Laboratory of Cellular and Molecular Biology, Microbiology Team, Faculty of Biological Sciences, University of Sciences and Technology of Houari Boumediene (USTHB), PO Box 32, El Alia, Bab Ezzouar, 16111 Algiers, Algeria; Laboratory of Microbial Biotechnology and Engineering Enzymes (LMBEE), Centre of Biotechnology of Sfax (CBS), University of Sfax, Road of Sidi Mansour Km 6, PO Box 1177, Sfax 3018, Tunisia.
Laboratory of Microbial Biotechnology and Engineering Enzymes (LMBEE), Centre of Biotechnology of Sfax (CBS), University of Sfax, Road of Sidi Mansour Km 6, PO Box 1177, Sfax 3018, Tunisia.
Int J Biol Macromol. 2018 Jan;106:636-646. doi: 10.1016/j.ijbiomac.2017.08.061. Epub 2017 Aug 13.
Two extracellular peroxidases from Bjerkandera adusta strain CX-9, namely a lignin peroxidase (called LiP BA45) and manganese peroxidase (called MnP BA30), were purified simultaneously by applying successively, ammonium sulfate precipitation-dialysis, Mono-S Sepharose anion-exchange and Sephacryl S-200 gel filtration and biochemically characterized. The sequence of their NH-terminal amino acid residues showed high homology with those of fungi peroxidases. Matrix assisted laser desorption ionization-time of flight mass spectrometry (MALDI-TOF/MS) analysis revealed that the purified enzymes MnP BA30 and LiP BA45 were a monomers with a molecular masses 30125.16 and 45221.10Da, respectively. While MnP BA30 was optimally active at pH 3 and 70°C, LiP BA45 showed optimum activity at pH 4 and 50°C. The two enzymes were inhibited by sodium azide and potassium cyanide, suggesting the presence of heme-components in their tertiary structures. The K and V for LiP BA45 toward 2,4-Dichlorolphenol (2,4-DCP) were 0.099mM and 9.12U/mg, respectively and for MnP BA30 toward 2,6-Dimethylphenol (2,6-DMP), they were 0.151mM and 18.60U/mg, respectively. Interestingly, MnP BA30 and LiP BA45 demonstrated higher catalytic efficiency than that of other tested peroxidases (MnP, LiP, HaP4, and LiP-SN) and marked organic solvent-stability and dye-decolorization efficiency. Data suggest that these peroxidases may be considered as potential candidates for future applications in distaining synthetic-dyes.
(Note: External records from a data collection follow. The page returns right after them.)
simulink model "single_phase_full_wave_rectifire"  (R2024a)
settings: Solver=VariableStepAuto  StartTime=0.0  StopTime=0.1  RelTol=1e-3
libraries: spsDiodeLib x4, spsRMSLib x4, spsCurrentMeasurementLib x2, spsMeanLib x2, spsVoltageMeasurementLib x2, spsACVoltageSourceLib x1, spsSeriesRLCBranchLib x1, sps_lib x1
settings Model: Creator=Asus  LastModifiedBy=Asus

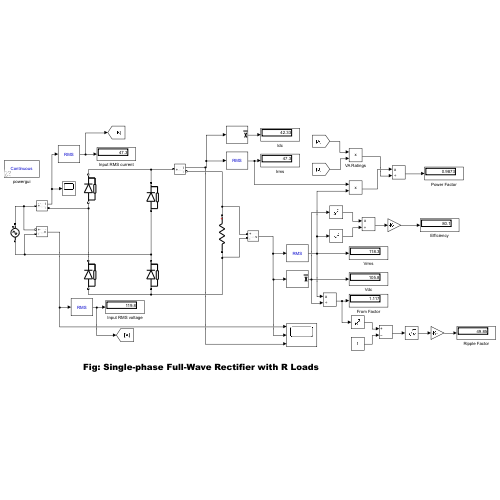
[thumbnail: Simulink's stored preview of the top-level diagram]
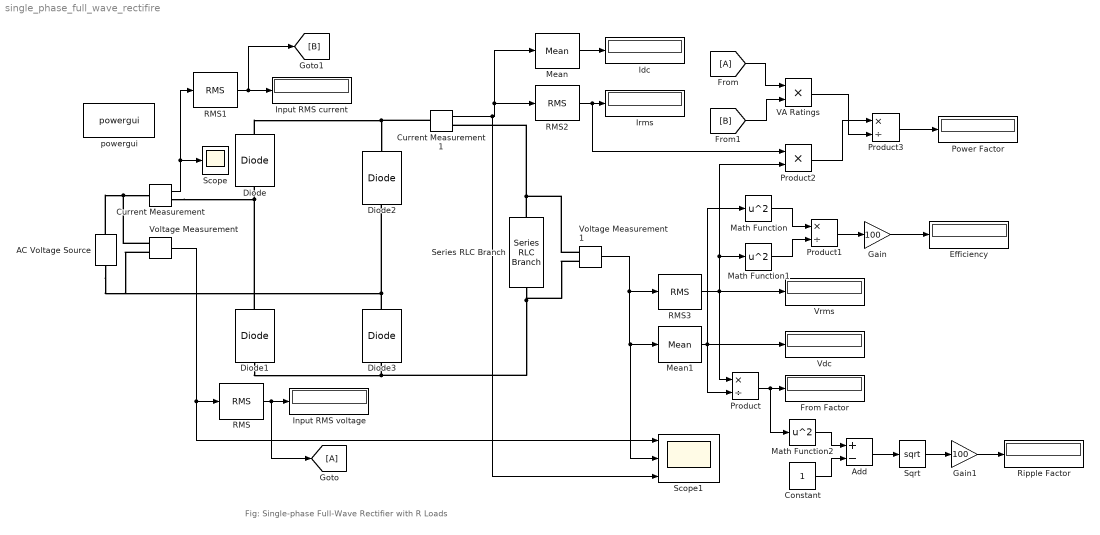
== system single_phase_full_wave_rectifire ==
  note: Fig: Single-phase Full-Wave Rectifier with R Loads
  AC Voltage Source : spsACVoltageSourceLib/AC Voltage Source  Amplitude=120*sqrt(2)  Phase=0  Frequency=60  SampleTime=0  Measurements=None  BusType=swing  Pref=10e3  Qref=0  Qmin=-inf  Qmax=+inf
  Add : Sum  Inputs=+-
  Constant : Constant
  Current Measurement : spsCurrentMeasurementLib/Current Measurement  PhasorSimulation=off  OutputType=Complex  PSBequivalent=0
  Current Measurement1 : spsCurrentMeasurementLib/Current Measurement  PhasorSimulation=off  OutputType=Complex  PSBequivalent=0
  Diode{,1..3} (4 alike) : spsDiodeLib/Diode  Ron=0.001  Lon=0  Vf=0.8  IC=0  UseSnubber=0  Rs=500  Cs=250e-9  Measurements=off
  Efficiency : Display
  From : From
  From Factor : Display
  Gain : Gain  Gain=100
  Gain1 : Gain  Gain=100
  Goto : Goto
  Idc : Display
  Input RMS current : Display
  Input RMS voltage : Display
  Irms : Display
  Math Function : Math  Operator=square
  Math Function1 : Math  Operator=square
  Math Function2 : Math  Operator=square
  Mean : spsMeanLib/Mean  Freq=60  Vinit=0  Ts=0
  Mean1 : spsMeanLib/Mean  Freq=60  Vinit=0  Ts=0
  Power Factor : Display
  Product : Product  Inputs=*/
  Product1 : Product  Inputs=*/
  Product2 : Product
  Product3 : Product  Inputs=*/
  RMS{,1..3} (4 alike) : spsRMSLib/RMS  TrueRMS=on  Freq=60  RMSInit=120  Ts=0
  Ripple Factor : Display
  Scope : Scope
  Scope1 : Scope  NumInputPorts=3
  Series RLC Branch : spsSeriesRLCBranchLib/Series RLC Branch  LConnTagsString=__new0  RConnTagsString=__new0  BranchType=R  Resistance=2.5  Inductance=1e-3  SetiL0=off  InitialCurrent=0  Capacitance=1e-6  Setx0=off  InitialVoltage=0  Measurements=None
  Sqrt : Sqrt
  VA Ratings : Product
  Vdc : Display
  Voltage Measurement : spsVoltageMeasurementLib/Voltage Measurement  PhasorSimulation=off  OutputType=Complex  PSBequivalent=0
  Voltage Measurement1 : spsVoltageMeasurementLib/Voltage Measurement  PhasorSimulation=off  OutputType=Complex  PSBequivalent=0
  Vrms : Display
  powergui : sps_lib/powergui  Priority=1  SimulationMode=Continuous  SampleTime=50e-6  frequency=60  Iterations=50  frequencyindice=60  Pbase=100e6  ErrMax=1e-4  UnitsV=kV  UnitsW=MW  buscounter=0  FunctionMessages=off  echomessages=off  EnableUseOfTLC=off  CurrentSourceSwitches=off  DisableSnubberDevices=off  DisableRonSwitches=off  DisableVfSwitches=off  DisplayEquations=off  AutomaticDiscreteSolvers=off  SolverType=Tustin/Backward Euler (TBE)  Interpol=off  ExternalGateDelay=off  methode=off  Ts=100  x0status=blocks  SPID=on  SwTol=0  HookPort=off  NonlinearTolerance=1e-4  nMaxIteration=100  ContinueOnMaxIteration=off  RestoreLinks=warning  ResistiveCurrentMeasurement=off  Frange=[0:2:500]  Ylog=off  Xlog=on  ShowGrid=off  save=off  variable=ZData  structure=0  ZoomFFT=off  StartTime=0.0  cycles=1  DisplayStyle=1  fundamental=60  FreqAxis=off  MaxFrequency=1000  frequencyindicesteady=1  RmsSteady=1  display=off
  wires:
  RMS/1 -> Goto/1, Input RMS voltage/1
  Voltage Measurement/1 -> Scope1/1, RMS/1
  Current Measurement/1 -> RMS1/1, Scope/1
  RMS1/1 -> [B], Input RMS current/1
  Current Measurement1/1 -> Scope1/3, Mean/1, RMS2/1
  Mean/1 -> Idc/1
  RMS2/1 -> Product2/1, Irms/1
  Voltage Measurement1/1 -> Scope1/2, Mean1/1, RMS3/1
  RMS3/1 -> Product/1, Vrms/1, Product2/2, Math Function1/1
  Mean1/1 -> Product/2, Math Function/1, Vdc/1
  Product/1 -> Math Function2/1, From Factor/1
  Math Function/1 -> Product1/1
  Math Function1/1 -> Product1/2
  Product1/1 -> Gain/1
  Gain/1 -> Efficiency/1
  Math Function2/1 -> Add/1
  Constant/1 -> Add/2
  Add/1 -> Sqrt/1
  Sqrt/1 -> Gain1/1
  Gain1/1 -> Ripple Factor/1
  From/1 -> VA Ratings/1
  [B] -> VA Ratings/2
  Product2/1 -> Product3/1
  VA Ratings/1 -> Product3/2
  Product3/1 -> Power Factor/1
  connections:
  Diode1/RConn1 -- Current Measurement/RConn1 -- Diode/LConn1
  Diode/RConn1 -- Current Measurement1/LConn1 -- Diode2/RConn1
  Diode3/RConn1 -- AC Voltage Source/LConn1 -- Voltage Measurement/LConn2 -- Diode2/LConn1
  AC Voltage Source/RConn1 -- Voltage Measurement/LConn1 -- Current Measurement/LConn1
  Series RLC Branch/LConn1 -- Voltage Measurement1/LConn1 -- Current Measurement1/RConn1
  Series RLC Branch/RConn1 -- Voltage Measurement1/LConn2 -- Diode1/LConn1 -- Diode3/LConn1
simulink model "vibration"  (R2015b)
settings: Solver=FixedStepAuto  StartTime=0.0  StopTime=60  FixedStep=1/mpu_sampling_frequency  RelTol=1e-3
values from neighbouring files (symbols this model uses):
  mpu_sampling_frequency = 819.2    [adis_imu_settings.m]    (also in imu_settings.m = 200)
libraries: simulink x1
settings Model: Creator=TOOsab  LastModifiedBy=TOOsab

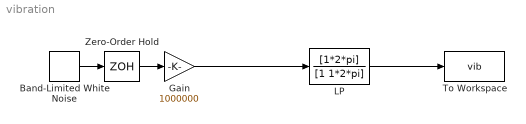
== system vibration ==
  Band-Limited White Noise : simulink/Sources/Band-Limited White Noise  Cov=[1000]  Ts=1/mpu_sampling_frequency  seed=[23341]
  Gain : Gain  Gain=1000000
  LP : TransferFcn  Numerator=[1*2*pi]  Denominator=[1 1*2*pi]
  To Workspace : ToWorkspace  VariableName=vib  SampleTime=-1
  Zero-Order Hold : ZeroOrderHold  SampleTime=1/mpu_sampling_frequency
  wires:
  Band-Limited White Noise/1 -> Zero-Order Hold/1
  Zero-Order Hold/1 -> Gain/1
  Gain/1 -> LP/1
  LP/1 -> To Workspace/1

两株黄孢原毛平革菌(Bjerkandera adusta)菌株 CX-9 的胞外过氧化物酶,即木质素过氧化物酶(称为 LiP BA45)和锰过氧化物酶(称为 MnP BA30),通过依次应用硫酸铵沉淀-透析、Mono-S Sepharose 阴离子交换和 Sephacryl S-200 凝胶过滤进行了同时纯化,并进行了生化特性分析。它们的 NH2-末端氨基酸残基序列与真菌过氧化物酶具有高度同源性。基质辅助激光解吸电离飞行时间质谱(MALDI-TOF/MS)分析表明,纯化的 MnP BA30 和 LiP BA45 酶均为单体,分子量分别为 30125.16 和 45221.10Da。MnP BA30 的最适 pH 值为 3 和 70°C,LiP BA45 的最适 pH 值为 4 和 50°C。两种酶均被叠氮化钠和氰化钾抑制,表明其三级结构中存在血红素成分。LiP BA45 对 2,4-二氯苯酚(2,4-DCP)的 K 和 V 分别为 0.099mM 和 9.12U/mg,MnP BA30 对 2,6-二甲基苯酚(2,6-DMP)的 K 和 V 分别为 0.151mM 和 18.60U/mg。有趣的是,MnP BA30 和 LiP BA45 表现出比其他测试过的过氧化物酶(MnP、LiP、HaP4 和 LiP-SN)更高的催化效率,以及显著的有机溶剂稳定性和染料脱色效率。数据表明,这些过氧化物酶可能被认为是未来在去除合成染料方面的潜在候选酶。